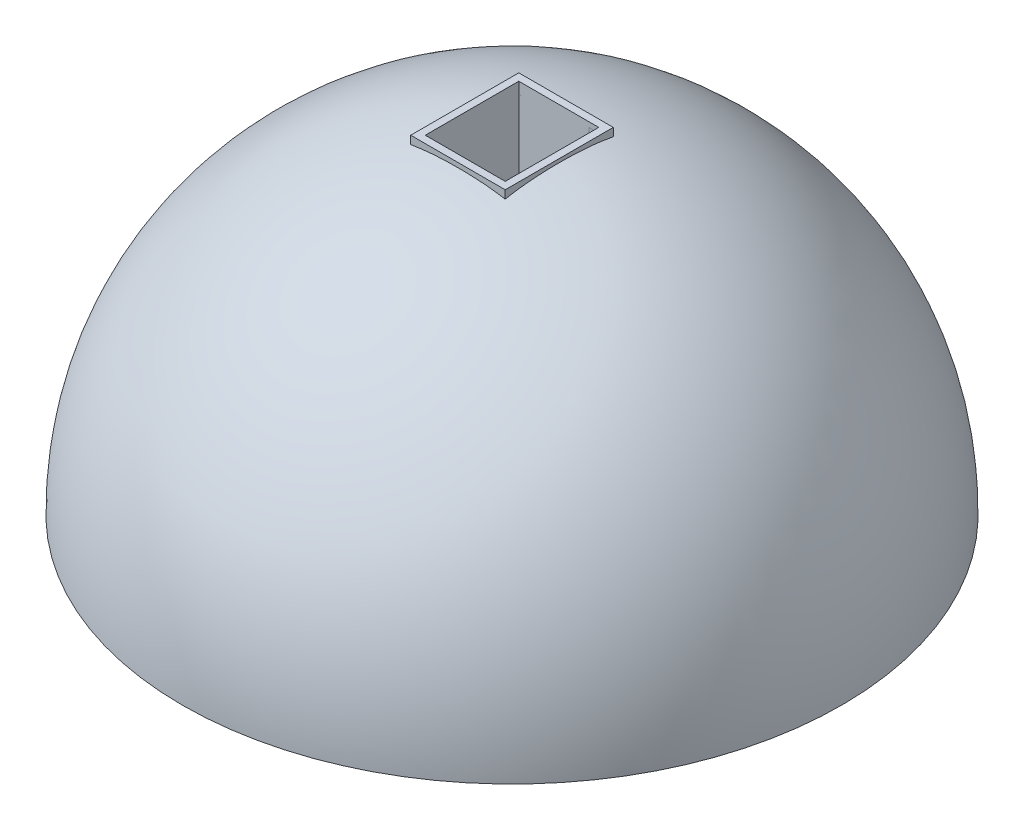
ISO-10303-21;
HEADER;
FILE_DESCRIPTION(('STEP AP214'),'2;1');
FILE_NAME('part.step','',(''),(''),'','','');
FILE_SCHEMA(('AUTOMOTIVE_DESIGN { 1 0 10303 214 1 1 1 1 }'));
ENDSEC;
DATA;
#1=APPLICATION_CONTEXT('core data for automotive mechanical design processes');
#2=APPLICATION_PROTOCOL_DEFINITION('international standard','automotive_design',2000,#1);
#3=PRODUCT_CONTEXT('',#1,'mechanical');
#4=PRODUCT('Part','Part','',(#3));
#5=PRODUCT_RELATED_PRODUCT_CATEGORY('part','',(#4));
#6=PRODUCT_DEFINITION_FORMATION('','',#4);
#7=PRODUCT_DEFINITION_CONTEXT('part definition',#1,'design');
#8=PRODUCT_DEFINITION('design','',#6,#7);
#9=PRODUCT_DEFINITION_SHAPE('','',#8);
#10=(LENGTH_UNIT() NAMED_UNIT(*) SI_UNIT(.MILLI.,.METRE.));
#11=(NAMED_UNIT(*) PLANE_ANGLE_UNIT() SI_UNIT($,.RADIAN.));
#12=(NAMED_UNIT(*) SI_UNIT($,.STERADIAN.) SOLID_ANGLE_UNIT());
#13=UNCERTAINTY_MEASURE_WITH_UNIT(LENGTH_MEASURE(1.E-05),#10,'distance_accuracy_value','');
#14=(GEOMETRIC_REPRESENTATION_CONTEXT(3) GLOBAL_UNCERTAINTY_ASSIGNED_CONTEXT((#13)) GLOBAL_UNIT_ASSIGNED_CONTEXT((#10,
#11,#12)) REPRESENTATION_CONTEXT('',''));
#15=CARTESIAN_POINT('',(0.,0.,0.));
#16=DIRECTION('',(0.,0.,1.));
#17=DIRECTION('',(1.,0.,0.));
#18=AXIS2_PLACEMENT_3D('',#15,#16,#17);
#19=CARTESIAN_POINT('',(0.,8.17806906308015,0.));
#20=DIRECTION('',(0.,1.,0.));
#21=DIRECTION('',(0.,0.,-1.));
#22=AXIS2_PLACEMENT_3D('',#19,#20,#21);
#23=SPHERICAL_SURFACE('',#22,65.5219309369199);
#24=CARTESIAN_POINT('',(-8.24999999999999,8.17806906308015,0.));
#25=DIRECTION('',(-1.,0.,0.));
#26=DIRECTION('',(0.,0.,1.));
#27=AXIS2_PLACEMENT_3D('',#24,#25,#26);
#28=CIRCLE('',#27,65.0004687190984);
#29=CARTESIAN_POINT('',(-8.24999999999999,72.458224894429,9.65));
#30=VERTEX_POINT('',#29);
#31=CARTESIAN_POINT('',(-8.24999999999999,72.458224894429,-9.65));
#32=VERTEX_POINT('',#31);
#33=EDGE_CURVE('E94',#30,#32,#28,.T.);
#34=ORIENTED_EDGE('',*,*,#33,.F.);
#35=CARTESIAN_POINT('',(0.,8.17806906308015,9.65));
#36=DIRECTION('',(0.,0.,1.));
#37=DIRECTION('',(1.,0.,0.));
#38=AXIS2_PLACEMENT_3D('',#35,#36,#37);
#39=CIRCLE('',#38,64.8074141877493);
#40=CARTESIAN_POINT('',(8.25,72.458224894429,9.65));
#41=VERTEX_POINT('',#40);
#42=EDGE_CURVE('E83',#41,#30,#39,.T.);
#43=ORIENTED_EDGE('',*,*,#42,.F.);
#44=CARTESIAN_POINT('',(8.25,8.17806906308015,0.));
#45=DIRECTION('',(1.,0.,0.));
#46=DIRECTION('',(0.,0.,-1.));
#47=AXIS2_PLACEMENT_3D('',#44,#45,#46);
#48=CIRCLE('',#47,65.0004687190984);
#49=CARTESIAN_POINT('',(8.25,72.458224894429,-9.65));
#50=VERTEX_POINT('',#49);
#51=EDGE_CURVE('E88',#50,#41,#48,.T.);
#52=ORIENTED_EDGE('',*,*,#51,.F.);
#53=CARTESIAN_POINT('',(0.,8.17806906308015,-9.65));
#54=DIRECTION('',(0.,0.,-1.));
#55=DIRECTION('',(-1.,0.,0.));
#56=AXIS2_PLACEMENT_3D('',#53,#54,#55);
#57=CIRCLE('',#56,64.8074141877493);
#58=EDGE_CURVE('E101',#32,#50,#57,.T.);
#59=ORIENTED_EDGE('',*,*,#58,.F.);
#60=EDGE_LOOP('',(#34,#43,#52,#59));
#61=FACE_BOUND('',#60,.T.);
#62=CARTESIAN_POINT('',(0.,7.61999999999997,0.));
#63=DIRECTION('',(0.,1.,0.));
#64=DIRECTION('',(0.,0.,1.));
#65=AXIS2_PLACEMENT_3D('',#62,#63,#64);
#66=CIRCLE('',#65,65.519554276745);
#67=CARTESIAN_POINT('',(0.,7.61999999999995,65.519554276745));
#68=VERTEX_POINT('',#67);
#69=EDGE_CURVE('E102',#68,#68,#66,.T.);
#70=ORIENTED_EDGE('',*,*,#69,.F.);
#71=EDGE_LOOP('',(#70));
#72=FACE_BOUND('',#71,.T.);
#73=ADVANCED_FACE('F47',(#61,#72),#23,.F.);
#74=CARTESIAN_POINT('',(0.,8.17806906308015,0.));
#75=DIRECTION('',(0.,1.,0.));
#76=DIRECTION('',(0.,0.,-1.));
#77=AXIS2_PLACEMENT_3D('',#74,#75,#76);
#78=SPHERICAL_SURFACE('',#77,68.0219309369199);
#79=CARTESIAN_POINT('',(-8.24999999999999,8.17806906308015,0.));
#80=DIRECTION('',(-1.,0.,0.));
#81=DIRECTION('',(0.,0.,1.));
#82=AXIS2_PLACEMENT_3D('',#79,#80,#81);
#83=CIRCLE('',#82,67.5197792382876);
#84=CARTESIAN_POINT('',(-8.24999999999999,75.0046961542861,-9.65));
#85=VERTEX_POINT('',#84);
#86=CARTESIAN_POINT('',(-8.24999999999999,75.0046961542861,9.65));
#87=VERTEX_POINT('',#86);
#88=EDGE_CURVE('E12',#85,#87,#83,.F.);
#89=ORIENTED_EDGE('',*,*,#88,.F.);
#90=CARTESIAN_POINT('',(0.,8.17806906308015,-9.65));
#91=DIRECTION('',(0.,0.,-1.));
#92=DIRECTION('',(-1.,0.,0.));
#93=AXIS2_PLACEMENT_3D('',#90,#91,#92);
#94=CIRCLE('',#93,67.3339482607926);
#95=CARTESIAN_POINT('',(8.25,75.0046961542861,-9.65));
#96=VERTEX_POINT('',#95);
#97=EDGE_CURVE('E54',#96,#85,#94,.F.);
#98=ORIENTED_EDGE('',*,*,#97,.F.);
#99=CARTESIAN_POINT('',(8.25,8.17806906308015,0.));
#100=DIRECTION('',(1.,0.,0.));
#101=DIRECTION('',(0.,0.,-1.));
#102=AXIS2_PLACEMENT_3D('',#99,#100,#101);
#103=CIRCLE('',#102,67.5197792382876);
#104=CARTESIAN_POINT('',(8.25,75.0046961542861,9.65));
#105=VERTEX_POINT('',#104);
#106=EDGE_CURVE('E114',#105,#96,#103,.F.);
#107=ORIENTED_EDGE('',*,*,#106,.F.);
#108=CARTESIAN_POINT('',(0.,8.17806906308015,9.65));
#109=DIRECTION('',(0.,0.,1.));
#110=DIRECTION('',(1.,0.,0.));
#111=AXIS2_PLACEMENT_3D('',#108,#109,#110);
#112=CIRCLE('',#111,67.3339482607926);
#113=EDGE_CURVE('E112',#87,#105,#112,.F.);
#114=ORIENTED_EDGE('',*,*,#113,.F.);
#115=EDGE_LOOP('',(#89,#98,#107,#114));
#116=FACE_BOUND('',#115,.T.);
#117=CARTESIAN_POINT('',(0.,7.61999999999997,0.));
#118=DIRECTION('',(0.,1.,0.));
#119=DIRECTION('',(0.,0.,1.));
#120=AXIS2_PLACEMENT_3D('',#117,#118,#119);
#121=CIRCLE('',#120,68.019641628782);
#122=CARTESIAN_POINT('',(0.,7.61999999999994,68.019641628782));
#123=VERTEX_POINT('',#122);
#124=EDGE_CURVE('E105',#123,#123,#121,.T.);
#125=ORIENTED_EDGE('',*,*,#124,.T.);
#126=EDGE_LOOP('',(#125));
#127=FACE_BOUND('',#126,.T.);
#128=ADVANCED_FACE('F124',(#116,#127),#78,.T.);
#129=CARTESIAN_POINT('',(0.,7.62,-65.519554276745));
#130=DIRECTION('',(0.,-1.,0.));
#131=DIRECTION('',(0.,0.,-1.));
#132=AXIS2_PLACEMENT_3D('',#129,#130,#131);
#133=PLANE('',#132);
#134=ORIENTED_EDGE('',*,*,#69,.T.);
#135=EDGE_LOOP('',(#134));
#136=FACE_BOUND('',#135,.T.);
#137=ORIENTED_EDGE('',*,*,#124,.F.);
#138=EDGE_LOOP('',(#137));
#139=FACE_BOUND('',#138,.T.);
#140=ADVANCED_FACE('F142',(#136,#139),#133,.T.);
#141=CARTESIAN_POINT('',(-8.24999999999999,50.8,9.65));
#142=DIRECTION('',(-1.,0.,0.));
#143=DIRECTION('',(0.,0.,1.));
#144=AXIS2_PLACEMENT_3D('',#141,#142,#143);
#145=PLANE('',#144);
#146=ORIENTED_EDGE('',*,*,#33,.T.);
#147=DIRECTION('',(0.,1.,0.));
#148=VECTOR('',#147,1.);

Exercise brief: Could you repeat exactly the lines above from the line with "#89=ORIENTED_EDGE('',*,*,#88,.F.);" up to and including the line with "#147=DIRECTION('',(0.,1.,0.));", and only those?

Answer box:
#89=ORIENTED_EDGE('',*,*,#88,.F.);
#90=CARTESIAN_POINT('',(0.,8.17806906308015,-9.65));
#91=DIRECTION('',(0.,0.,-1.));
#92=DIRECTION('',(-1.,0.,0.));
#93=AXIS2_PLACEMENT_3D('',#90,#91,#92);
#94=CIRCLE('',#93,67.3339482607926);
#95=CARTESIAN_POINT('',(8.25,75.0046961542861,-9.65));
#96=VERTEX_POINT('',#95);
#97=EDGE_CURVE('E54',#96,#85,#94,.F.);
#98=ORIENTED_EDGE('',*,*,#97,.F.);
#99=CARTESIAN_POINT('',(8.25,8.17806906308015,0.));
#100=DIRECTION('',(1.,0.,0.));
#101=DIRECTION('',(0.,0.,-1.));
#102=AXIS2_PLACEMENT_3D('',#99,#100,#101);
#103=CIRCLE('',#102,67.5197792382876);
#104=CARTESIAN_POINT('',(8.25,75.0046961542861,9.65));
#105=VERTEX_POINT('',#104);
#106=EDGE_CURVE('E114',#105,#96,#103,.F.);
#107=ORIENTED_EDGE('',*,*,#106,.F.);
#108=CARTESIAN_POINT('',(0.,8.17806906308015,9.65));
#109=DIRECTION('',(0.,0.,1.));
#110=DIRECTION('',(1.,0.,0.));
#111=AXIS2_PLACEMENT_3D('',#108,#109,#110);
#112=CIRCLE('',#111,67.3339482607926);
#113=EDGE_CURVE('E112',#87,#105,#112,.F.);
#114=ORIENTED_EDGE('',*,*,#113,.F.);
#115=EDGE_LOOP('',(#89,#98,#107,#114));
#116=FACE_BOUND('',#115,.T.);
#117=CARTESIAN_POINT('',(0.,7.61999999999997,0.));
#118=DIRECTION('',(0.,1.,0.));
#119=DIRECTION('',(0.,0.,1.));
#120=AXIS2_PLACEMENT_3D('',#117,#118,#119);
#121=CIRCLE('',#120,68.019641628782);
#122=CARTESIAN_POINT('',(0.,7.61999999999994,68.019641628782));
#123=VERTEX_POINT('',#122);
#124=EDGE_CURVE('E105',#123,#123,#121,.T.);
#125=ORIENTED_EDGE('',*,*,#124,.T.);
#126=EDGE_LOOP('',(#125));
#127=FACE_BOUND('',#126,.T.);
#128=ADVANCED_FACE('F124',(#116,#127),#78,.T.);
#129=CARTESIAN_POINT('',(0.,7.62,-65.519554276745));
#130=DIRECTION('',(0.,-1.,0.));
#131=DIRECTION('',(0.,0.,-1.));
#132=AXIS2_PLACEMENT_3D('',#129,#130,#131);
#133=PLANE('',#132);
#134=ORIENTED_EDGE('',*,*,#69,.T.);
#135=EDGE_LOOP('',(#134));
#136=FACE_BOUND('',#135,.T.);
#137=ORIENTED_EDGE('',*,*,#124,.F.);
#138=EDGE_LOOP('',(#137));
#139=FACE_BOUND('',#138,.T.);
#140=ADVANCED_FACE('F142',(#136,#139),#133,.T.);
#141=CARTESIAN_POINT('',(-8.24999999999999,50.8,9.65));
#142=DIRECTION('',(-1.,0.,0.));
#143=DIRECTION('',(0.,0.,1.));
#144=AXIS2_PLACEMENT_3D('',#141,#142,#143);
#145=PLANE('',#144);
#146=ORIENTED_EDGE('',*,*,#33,.T.);
#147=DIRECTION('',(0.,1.,0.));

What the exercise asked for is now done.